> [Problem to work on] Take from the data every line in which the word "above" is found.

> [Records]

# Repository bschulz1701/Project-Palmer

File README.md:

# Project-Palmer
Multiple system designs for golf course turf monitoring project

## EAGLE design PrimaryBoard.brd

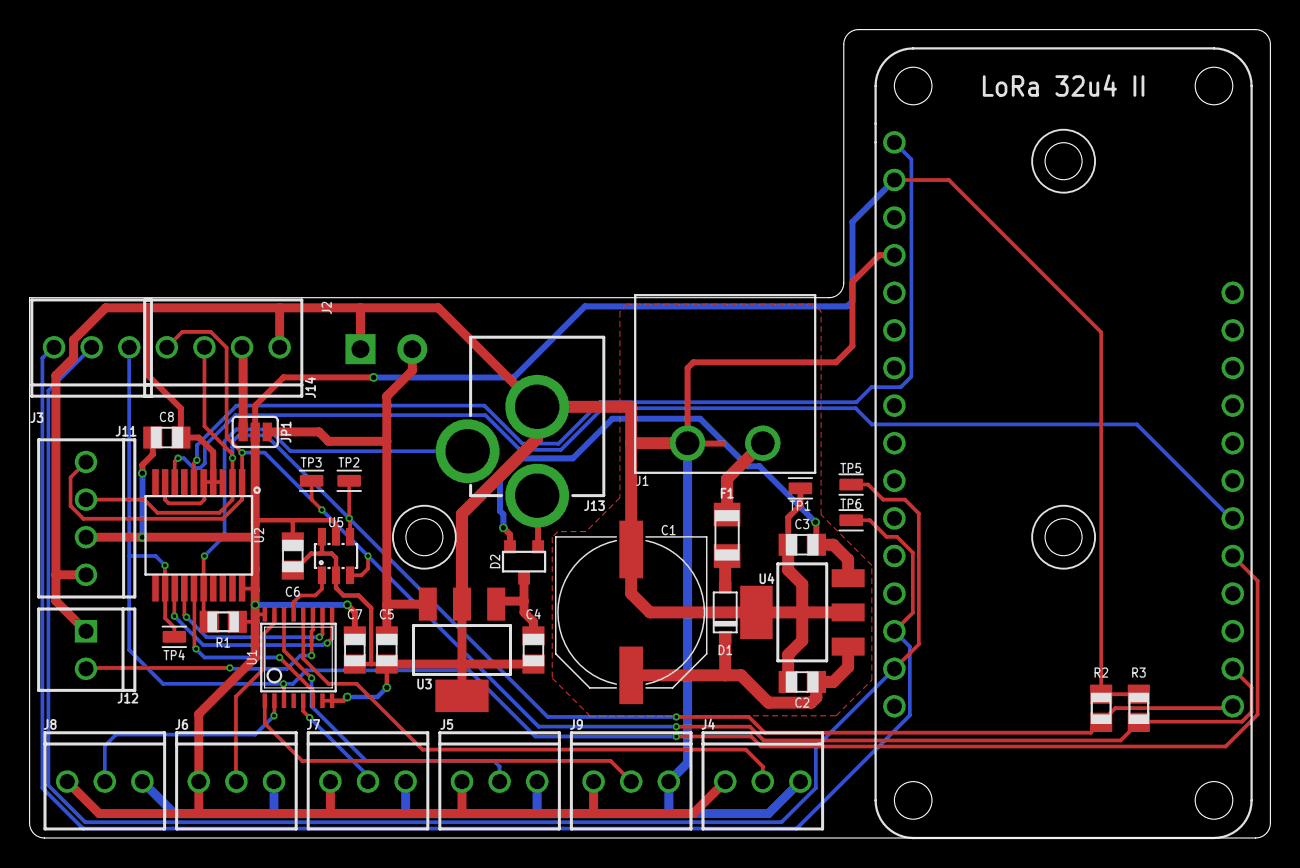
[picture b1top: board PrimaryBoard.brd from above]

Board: 2 copper layers, 83.8 x 54.6 mm, 43 parts (0 on the bottom side), 29 nets.

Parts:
C1: 1000uF; PANASONIC_G
C2: 0.33uF; C0805
C3, C6, C7, C8: 0.1uF; C0805
C4, C5: 1uF; C0805
D1: SOD-123
D2: DIODE_CCSDM40E20LCSOT23; SOT23-3
F1: 50/150mA; 1206
H1, H2, H3: 2_56
J1: 1X02_39532_RIGHT
J2: SCREWTERMINAL-3.5MM-2-NS
J3, J4, J5, J6, J7, J8, J9: CONN_32.54_SCREW; 1X03_SCREW
J10: LORA32U4II
J11, J14: CONN_42.54_SCREW; 1X04_SCREW
J12: 1X02_2.54_SCREWTERM
J13: POWER_JACK; POWER_JACK_PTH
JP1: JUMPER-SMT_3_1-NC_PASTE_SILK; SMT-JUMPER_3_1-NC_PASTE_SILK
R1: 100k; R0805
R2, R3: 10k; R0805
TP1, TP2, TP3, TP4, TP5, TP6: TESTPOINTRCU; TESTPOINT_0603
U1: CD74HC4052PW; TSSOP16
U2: MCP23008SSOP; SSOP20
U3: TC1262-3.3V; SOT223
U4: UA78M05SOT223; SOT223
U5: MCP3421A3; SOT23-6L

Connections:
3V3_CORE: C6.1, C7.1, C8.1, J4.3, J5.3, J6.3, J7.3, J8.3, J9.3, J10.3V3, J11.2, JP1.2, R1.2, R2.2, R3.2, U1.16, U2.20, U5.5
3V3_EXT: J14.3, JP1.1
3V3_MAIN: C5.1, J2.2, JP1.3, U3.3
5V: C3.1, D2.2, U4.3
5V_CORE: C4.1, D2.3, U3.1
5V_EXT: D2.1, J13.PWR
5V_EXT_SENSE: J13.GNDBREAK, R1.1, U2.16
24V_AC: F1.1, J1.2
A0: J4.2, U1.12
A1: J5.2, U1.14
A2: J6.2, U1.15
A3: J12.P1, U1.11
A_COM: U1.13, U5.1
GND: C1.-, C2.2, C3.2, C4.2, C5.2, C6.2, C7.2, C8.2, J1.1, J2.1, J4.1, J5.1, J6.1, J7.1, J8.1, J9.1, J10.GND, J11.1, J12.P2, J13.GND, J14.4, TP1.1, U1.7, U1.8, U2.3, U2.4, U2.5, U2.9, U3.2, U3.4, U4.2, U4.4, U5.2, U5.6
IO_EN: U1.6, U2.15
IO_INT: J10.30, U2.8
unnamed: D1.ANODE, F1.2
ONEWIRE: J3.3, J10.29, TP4.1, U1.3, U2.12
OW0: J9.2, U1.1
OW1: J7.2, U1.5
OW2: J8.2, U1.2
RESET: J10.RST, U2.6
RX: J3.1, J10.20, TP6.1
S0: U1.10, U2.14
S1: U1.9, U2.13
SCL: J10.18, J11.4, J14.1, R3.1, TP3.1, U2.1, U5.3
SDA: J10.19, J11.3, J14.2, R2.1, TP2.1, U2.2, U5.4
TX: J3.2, J10.21, TP5.1
V_RECT: C1.+, C2.1, D1.CAT, U4.1

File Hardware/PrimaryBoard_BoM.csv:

"Qty","Value","Device","Package","Parts","Description","DIGIKEY","DISP","MF","MPN","PROD_ID","SPICEPREFIX","VALUE",
"1","","CONN_022.54_SCREW","1X02_2.54_SCREWTERM","J12","Genaric 2 terminal header","ED10561-ND","","OnShore","OSTVN02A150","","","",
"1","","CONN_023.5MM-NO_SILK","SCREWTERMINAL-3.5MM-2-NS","J2","Genaric 2 terminal header","ED2635-ND","","On Shore Technology","OSTTE020161","CONN-08399","","",
"1","","CONN_0239532_RA","1X02_39532_RIGHT","J1","Genaric 2 terminal header","WM7845-ND","","Molex","0395321002","","","",
"1","","DIODESOD-123","SOD-123","D1","Genaric Diode","1N5819HW-FDICT-ND","","Diodes Incorporated","1N5819HW-7-F","","","",
"3","","MOUNTING_HOLE2_NP","2_56","H1, H2, H3","Genaric Mechanical Mounting Hole","","","","","","","",
"4","0.1uF","C-EU0.1UFC0805","C0805","C3, C6, C7, C8","CAPACITOR, European symbol","399-8000-1-ND","","Kemet","C0805C104M3RACTU","","","",
"1","0.33uF","C-EU0.33UFC0805","C0805","C2","CAPACITOR, European symbol","311-1888-1-ND","","Yageo","CC0805KKX7R9BB334","","","",
"1","1000uF","CPOL-EUG","PANASONIC_G","C1","POLARIZED CAPACITOR, European symbol","P122428CT-ND","","Panasonic","EEE-FT1E102UP","","C","",
"1","100k","R-EU_100KR0805","R0805","R1","RESISTOR, European symbol","311-100KCRCT-ND","","Yageo","RC0805FR-07100KL","","","",
"2","10k","R-EU_10KR0805","R0805","R2, R3","RESISTOR, European symbol","311-10.0KCRCT-ND","","Yageo","RC0805FR-0710KL","","","",
"2","1uF","C-EU1UFC0805","C0805","C4, C5","CAPACITOR, European symbol","311-1456-1-ND","","Yageo","CC0805KKX7R8BB105","","","",
"1","50/150mA","PPTC150MA1206","1206","F1","Bel Fuse PPTC","507-1793-1-ND","","Bell Fuse","0ZCJ0005FF2E","","","50/150mA",
"1","CD74HC4052PW","CD74HC4052PW","TSSOP16","U1","CD74HC4052 - Dual 4x1 Analog Multiplexer/Demultiplexer","296-17619-1-ND","","TI","CD74HC4052PWR","","","",
"7","CONN_32.54_SCREW","CONN_32.54_SCREW","1X03_SCREW","J3, J4, J5, J6, J7, J8, J9","Genaric 3 terminal header","ED10562-ND","","On Shore","OSTVN03A150","","","",
"2","CONN_42.54_SCREW","CONN_42.54_SCREW","1X04_SCREW","J11, J14","Genaric 4 terminal header","ED10563-ND","","On Shore","OSTVN04A150","","","",
"1","DIODE_CCSDM40E20LCSOT23","DIODE_CCSDM40E20LCSOT23","SOT23-3","D2","Dual Diode, Common Cathode","SDM40E20LC-7DICT-ND","","Diodes Incorporated","SDM40E20LC-7","","","",
"1","JUMPER-SMT_3_1-NC_PASTE_SILK","JUMPER-SMT_3_1-NC_PASTE_SILK","SMT-JUMPER_3_1-NC_PASTE_SILK","JP1","Normally closed solder jumper (1 of 2 connections)","","","","","","","",
"1","LORA32U4II","LORA32U4II","LORA32U4II","J10","LoRa 32u4 Mounting Header","","","","","","","",
"1","MCP23008SSOP","MCP23008SSOP","SSOP20","U2","MCP23008 - I2C I/O Expander, 8 bit wtih interrupt and reset","MCP23008T-E/SSCT-ND","","Microchip","MCP23008T-E/SS","","","",
"1","MCP3421A3","MCP3421A3","SOT23-6L","U5","MCP342* - Sigma Delta ADC","MCP3421A3T-E/CHCT-ND","MCP3421","Microchip","MCP3421A3T-E/CH","","","",
"1","POWER_JACK","POWER_JACK","POWER_JACK_PTH","J13","Power Jack Connector","CP-202A-ND","","CUI","PJ-202A","CONN-08197","","",
"1","TC1262-3.3V","TC1262-3.3V","SOT223","U3","TC1262-* - Positive Voltage Regulator","TC1262-3.3VDBCT-ND","TC1262-3.3V","Microchip","TC1262-3.3VDBTR","","","",
"6","TESTPOINTRCU","TESTPOINTRCU","TESTPOINT_0603","TP1, TP2, TP3, TP4, TP5, TP6","","A106145CT-ND","","TE Connectivity","RCU-0C","","","",
"1","UA78M05SOT223","UA78M05SOT223","SOT223","U4","UA78M* - Positive Voltage Regulator","296-17616-1-ND","UA78M05","TI","UA78M05IDCYR","","","",

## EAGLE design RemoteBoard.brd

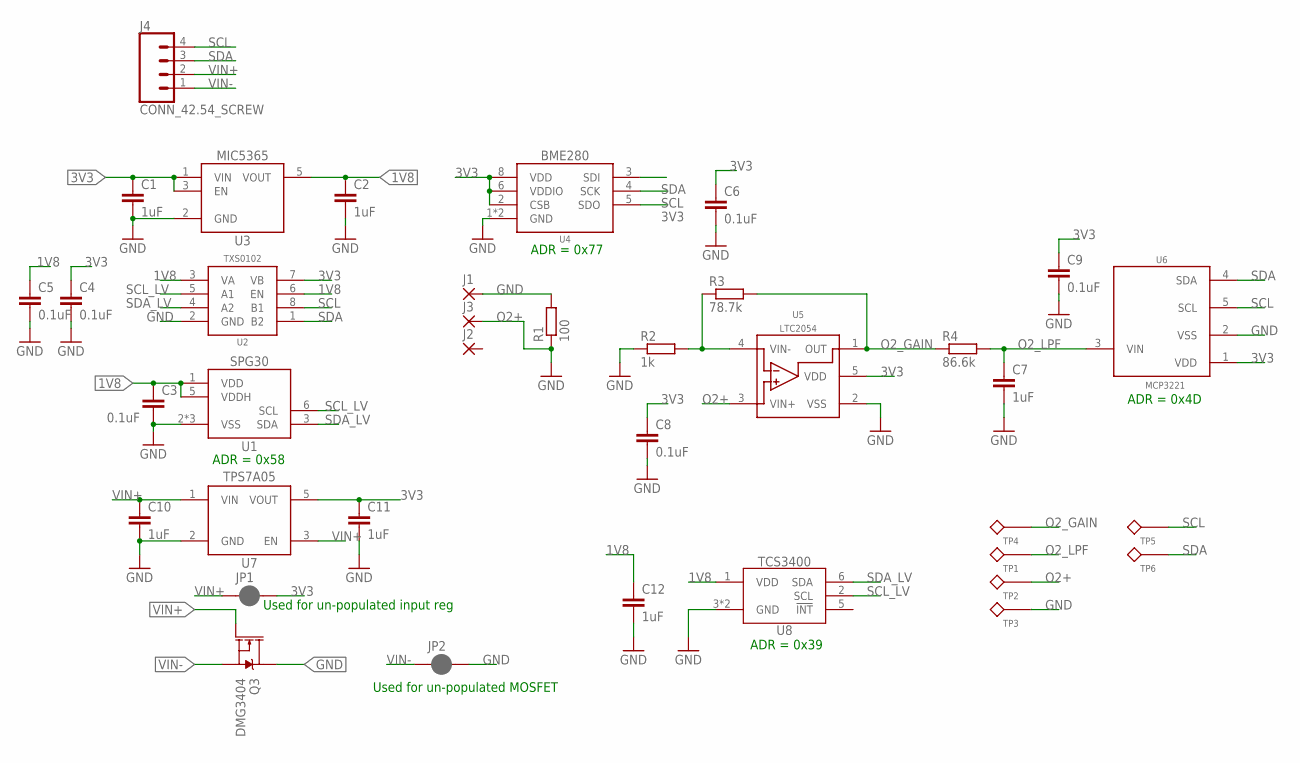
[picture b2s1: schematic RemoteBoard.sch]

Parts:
C1, C2, C7, C10, C11, C12: 1uF; C0805
C3, C4, C5, C6, C8, C9: 0.1uF; C0805
J1, J2, J3: SOCKETS9111_SLOT; SOCKET_S9111-45R_SLOT
J4: CONN_42.54_SCREW; 1X04_SCREW
JP1, JP2: JUMPER-SMT_2_NC_PASTE_SILK; SMT-JUMPER_2_NC_PASTE_SILK
Q3: DMG3404; SOT23-3
R1: 100; R0805
R2: 1k; R0805
R3: 78.7k; R0805
R4: 86.6k; R0805
TP1, TP2, TP3, TP4, TP5, TP6: TESTPOINTRCU; TESTPOINT_0603
U1: SPG30; DFN_6_2.5X2.5
U2: TXS0102DCU; DCU_(R-PDSO-G8)
U3: MIC53651.8SC70; DCK_R-PDSO-G5
U4: BME280
U5: LTC2054; SOT23-5
U6: MCP3221; SOT23-5
U7: TPS7A0533DBV; SOT23-5
U8: TCS3400

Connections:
1V8: C2.1, C3.1, C5.1, C12.1, U1.1 (VDD), U1.5 (VDDH), U2.3 (VA), U2.6 (EN), U3.5 (VOUT), U8.1 (VDD)
3V3: C1.1, C4.1, C6.1, C8.1, C9.1, C11.1, JP1.2, U2.7 (VB), U3.1 (VIN), U3.3 (EN), U4.2 (CSB), U4.5 (SDO), U4.6 (VDDIO), U4.8 (VDD), U5.5 (VDD), U6.1 (VDD), U7.5 (VOUT)
GND: C1.2, C2.2, C3.2, C4.2, C5.2, C6.2, C7.2, C8.2, C9.2, C10.2, C11.2, C12.2, J1.PAD, JP2.2, Q3.3 (D), R1.2, R2.1, TP3.1, U1.2 (VSS), U1.4 (VSS), U1.EP (VSS), U2.2 (GND), U3.2 (GND), U4.1 (GND), U4.7 (GND), U5.2 (VSS), U6.2 (VSS), U7.2 (GND), U8.3 (GND), U8.4 (GND)
unnamed: R2.2, R3.1, U5.4 (VIN-)
O2+: J3.PAD, R1.1, TP2.1, U5.3 (VIN+)
O2_GAIN: R3.2, R4.1, TP4.1, U5.1 (OUT)
O2_LPF: C7.1, R4.2, TP1.1, U6.3 (VIN)
SCL: J4.4, TP5.1, U2.8 (B1), U4.4 (SCK), U6.5 (SCL)
SCL_LV: U1.6 (SCL), U2.5 (A1), U8.2 (SCL)
SDA: J4.3, TP6.1, U2.1 (B2), U4.3 (SDI), U6.4 (SDA)
SDA_LV: U1.3 (SDA), U2.4 (A2), U8.6 (SDA)
VIN+: C10.1, J4.2, JP1.1, Q3.1 (G), U7.1 (VIN), U7.3 (EN)
VIN-: J4.1, JP2.1, Q3.2 (S)

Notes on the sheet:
Used for un-populated MOSFET
Used for un-populated input reg
ADR = 0x4D
ADR = 0x58
ADR = 0x77
ADR = 0x39

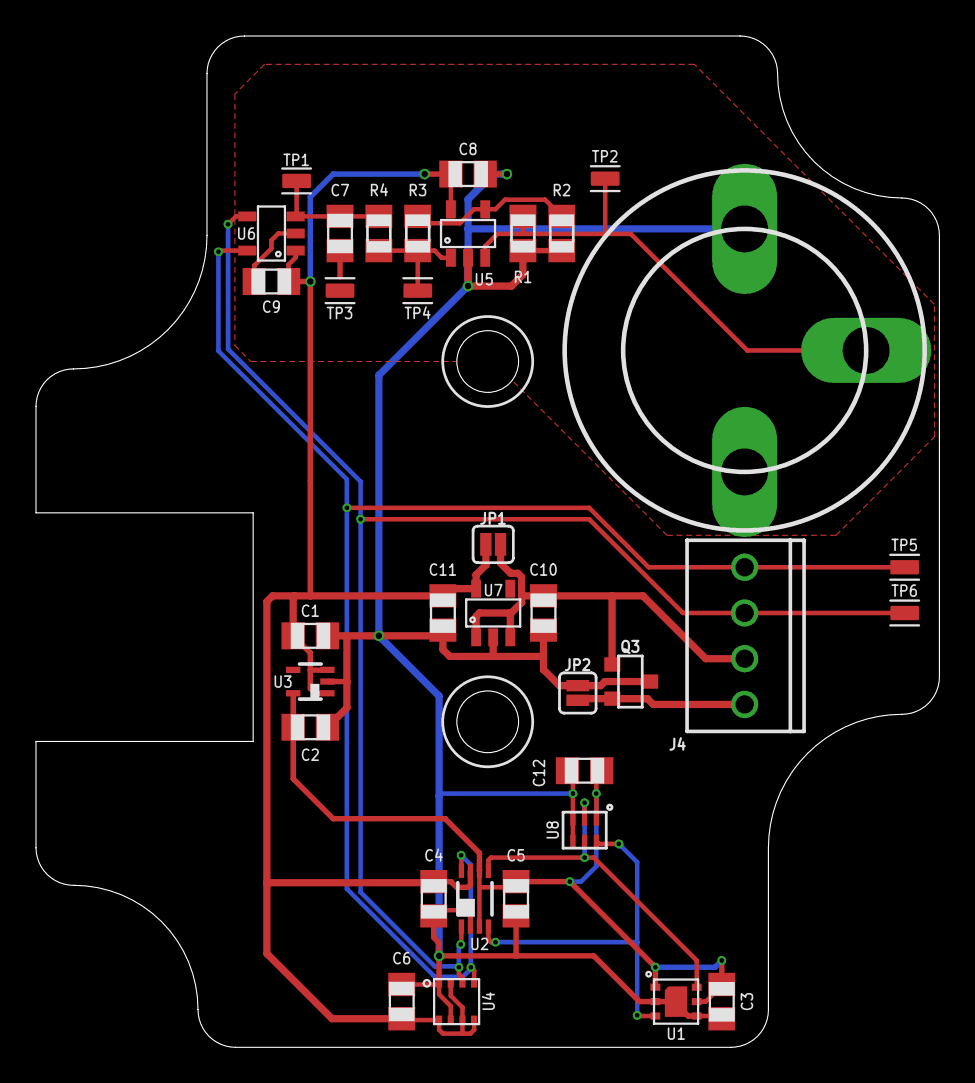
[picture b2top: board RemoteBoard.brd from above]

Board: 2 copper layers, 50.2 x 56.2 mm, 37 parts (0 on the bottom side), 13 nets.

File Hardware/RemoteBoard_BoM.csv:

"Qty","Value","Device","Package","Parts","Description","DIGIKEY","DISP","MF","MOUSER","MPN","VALUE",
"6","0.1uF","C-EU0.1UFC0805","C0805","C3, C4, C5, C6, C8, C9","CAPACITOR, European symbol","399-8000-1-ND","","Kemet","","C0805C104M3RACTU","",
"1","100","R-EU_100R0805","R0805","R1","RESISTOR, European symbol","311-100CRCT-ND","","Yageo","","RC0805FR-07100RL","",
"1","1k","R-EU_1KR0805","R0805","R2","RESISTOR, European symbol","311-1.00KCRCT-ND","","Yageo","","RC0805FR-071KL","",
"6","1uF","C-EU1UFC0805","C0805","C1, C2, C7, C10, C11, C12","CAPACITOR, European symbol","311-1456-1-ND","","Yageo","","CC0805KKX7R8BB105","",
"1","78.7k","R-EU_78.7KR0805","R0805","R3","RESISTOR, European symbol","311-78.7KCRCT-ND","","Yageo","","RC0805FR-0778K7L","",
"1","86.6k","R-EU_86.6KR0805","R0805","R4","RESISTOR, European symbol","311-86.6KCRCT-ND","","Yageo","","RC0805FR-0786K6L","",
"1","BME280","BME280","BME280","U4","BME280 - Combined Digital Humidity and Pressure Sensor","828-1063-1-ND","BME280","Bosch","","BME280","",
"1","CONN_42.54_SCREW","CONN_42.54_SCREW","1X04_SCREW","J4","Genaric 4 terminal header","ED10563-ND","","On Shore","","OSTVN04A150","",
"1","DMG3404","MOSFET-NCH-DMG3404L","SOT23-3","Q3","N-channel MOSFETs","DMG3404L-7DICT-ND","","Diodes Incorporated","","DMG3404L-7","DMG3404",
"2","JUMPER-SMT_2_NC_PASTE_SILK","JUMPER-SMT_2_NC_PASTE_SILK","SMT-JUMPER_2_NC_PASTE_SILK","JP1, JP2","Normally closed solder jumper","","","","","","",
"1","LTC2054","LTC2054","SOT23-5","U5","LTC2054 -Single Micropower Zero Drift Op-Amp","LTC2054HS5#TRMPBFCT-ND","LTC2054","LT","","LTC2054HS5#TRMPBF","",
"1","MCP3221","MCP3221","SOT23-5","U6","MCP342* - SAR ADC","MCP3221A5T-I/OTCT-ND","MCP3221","TI","","MCP3221A5T-I/OT","",
"1","MIC53651.8SC70","MIC53651.8SC70","DCK_R-PDSO-G5","U3","MIC5365-* - Low Power, High Performance, Linear Regulator","576-3181-1-ND","","Microchip","","MIC5365-1.8YC5-TR","",
"3","SOCKETS9111_SLOT","SOCKETS9111_SLOT","SOCKET_S9111-45R_SLOT","J1, J2, J3","Generic Board Socket","952-3660-1-ND","","Harwin","","S9111-45R","",
"1","SPG30","SPG30","DFN_6_2.5X2.5","U1","SGP30 - Multi-pixel Gas Sensor (TVOC, CO2EQ)","1649-1084-1-ND","","Sensirion","","SGP30-2.5K","",
"1","TCS3400","TCS3400","TCS3400","U8","TCS3400 - Ambient Multi-Band Light Sensor with I2C Interface","TCS34003FNMCT-ND","","AMS","","TCS34003FNM","",
"6","TESTPOINTRCU","TESTPOINTRCU","TESTPOINT_0603","TP1, TP2, TP3, TP4, TP5, TP6","","A106145CT-ND","","TE Connectivity","","RCU-0C","",
"1","TPS7A0533DBV","TPS7A0533DBV","SOT23-5","U7","TPS7A05* - Ultra Low Power Low Dropout Linear Regulator","296-50256-1-ND","","TI","595-TPS7A0533PDBVR","TPS7A0533PDBVR","",
"1","TXS0102DCU","TXS0102DCU","DCU_(R-PDSO-G8)","U2","TXS0102 - 2 Channel Bidirectional Voltage Level Translator","296-21931-1-ND","","TI","","TXS0102DCUR","",

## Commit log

2019-10-11 Added license
2019-10-11 Added git LFS support
2019-10-11 Added rectifier design pdf
2019-10-15 Added spectral response data
    Added extracted spectral response data to compare TCS3200 and TCS3400
2019-10-16 Preliminary Primary Board CAD
    Preliminary schematic entry and board layout
2019-10-17 Beginning schematic capture for Remote Board
2019-10-18 Minor updates and cleanup for primary board
2019-10-18 Continued schematic capture for remote board, layout begin
    Schematic for remote board complete except for TCS3400, significant layout progress
2019-10-21 Minor updates to Primary and Remote
    Cleaned up/added silkscreen, added test points to both boards
2019-10-22 Added LoRa 32u4 updated dimensions
2019-10-24 Added matlab data O2 sensor test analysis
2019-10-24 Minor cleanup/fixes to boards, generated gerbers
    Minor changes to boards, primarily cleanup and generated gerbers for fab, ready for review
2019-10-25 Minor updates, part vals
    Changed 1x7 connector on Primary board to 1x4 and 1x3 because 1x7 0.1" screw terminals are made of Corinthian Leather apparently, also updated part values and BoM vals
2019-10-25 Generated BoM for both boards
2019-11-13 Updated repo folder structure
2019-11-13 Added BETA code for Palmer system
    Added individual test components (in BETA but lacking full feature set) and combined demo program, in BETA with full preliminary feature set.
    Migration from Margay to LoRa 32u4 required
2019-11-13 Fixed #ifdef in combo demo
2019-11-20 Added LoRa node software
2019-11-20 Cleanup/Minor updates to logging code
    Added comment descriptor, updated ifdef system to allow for echoing LoRa transmission to serial monitor, changed the format of serial print to be echo of LoRa string instead of new line style, change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
2019-11-21 Fixed LoRa config issue, added support for hardware serial output
    Added support for hardware serial output to support use of openlog, fixed LoRa configuration issue
2019-11-23 Adjusted LFS attributes for mechanical parts
2019-11-23 Added designs for soil moisture holders
    Added mechanical designs for soil moisture probe holders (for 3D printing)
2019-11-26 Added blink and period update
2019-12-09 Added drill guide PDF for box
2020-03-13 Added port of software to Particle Boron
2020-04-01 Changed/removed git lfs
2020-04-01 Updated folder structure, readme, and git lfs issues
    Updated PDFs and other files to be free of git lfs, updated readme, added main data sheets
2020-04-01 Removed erroneous GND symbol

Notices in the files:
parts and their libraries:
SparkFun-Jumpers: Licensing: Creative Commons ShareAlike 4.0 International - https://creativecommons.org/licenses/by-sa/4.0

> [Task result]
[picture b1top: board PrimaryBoard.brd from above]
[picture b2top: board RemoteBoard.brd from above]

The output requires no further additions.